# Data
========================================
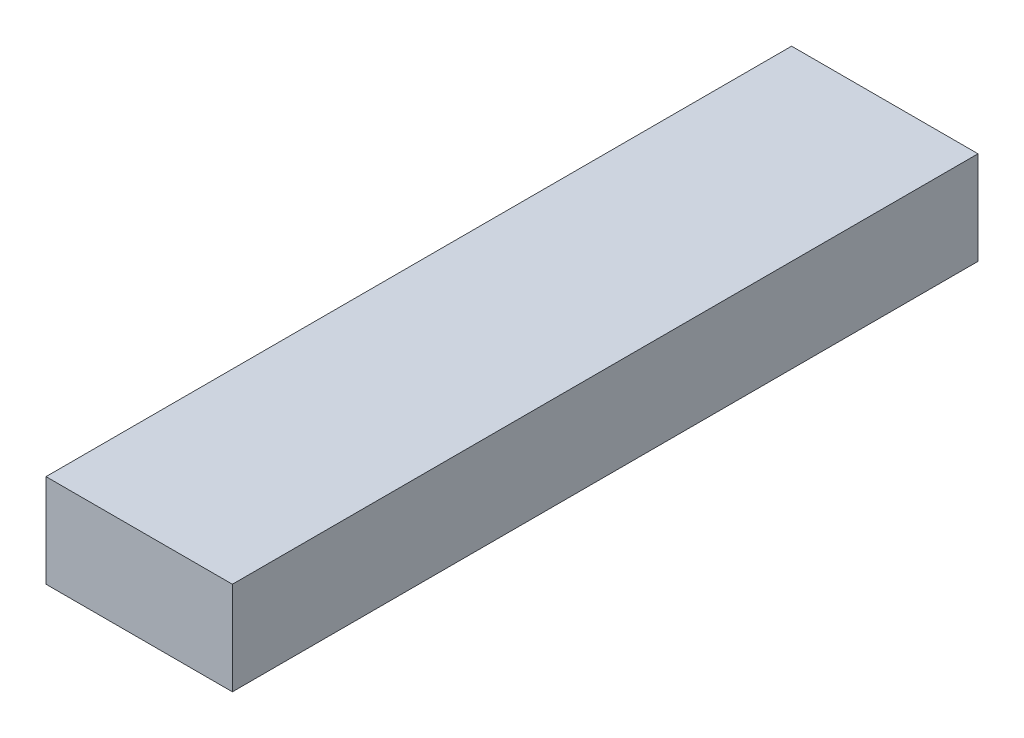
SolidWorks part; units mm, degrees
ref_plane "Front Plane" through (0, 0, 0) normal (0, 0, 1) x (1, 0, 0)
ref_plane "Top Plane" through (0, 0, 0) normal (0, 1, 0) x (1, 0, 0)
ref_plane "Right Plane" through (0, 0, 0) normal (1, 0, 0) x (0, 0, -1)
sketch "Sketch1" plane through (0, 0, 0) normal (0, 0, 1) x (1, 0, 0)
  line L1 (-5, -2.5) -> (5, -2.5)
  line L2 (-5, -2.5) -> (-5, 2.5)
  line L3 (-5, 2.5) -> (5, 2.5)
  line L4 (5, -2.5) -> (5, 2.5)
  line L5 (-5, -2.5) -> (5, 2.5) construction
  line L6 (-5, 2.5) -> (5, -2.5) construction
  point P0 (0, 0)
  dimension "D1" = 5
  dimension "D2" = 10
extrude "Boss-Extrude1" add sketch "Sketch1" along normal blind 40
========================================
# Exercise description
Transcribe the records above exactly, skipping pictures.

# Result
SolidWorks part; units mm, degrees
ref_plane "Front Plane" through (0, 0, 0) normal (0, 0, 1) x (1, 0, 0)
ref_plane "Top Plane" through (0, 0, 0) normal (0, 1, 0) x (1, 0, 0)
ref_plane "Right Plane" through (0, 0, 0) normal (1, 0, 0) x (0, 0, -1)
sketch "Sketch1" plane through (0, 0, 0) normal (0, 0, 1) x (1, 0, 0)
  line L1 (-5, -2.5) -> (5, -2.5)
  line L2 (-5, -2.5) -> (-5, 2.5)
  line L3 (-5, 2.5) -> (5, 2.5)
  line L4 (5, -2.5) -> (5, 2.5)
  line L5 (-5, -2.5) -> (5, 2.5) construction
  line L6 (-5, 2.5) -> (5, -2.5) construction
  point P0 (0, 0)
  dimension "D1" = 5
  dimension "D2" = 10
extrude "Boss-Extrude1" add sketch "Sketch1" along normal blind 40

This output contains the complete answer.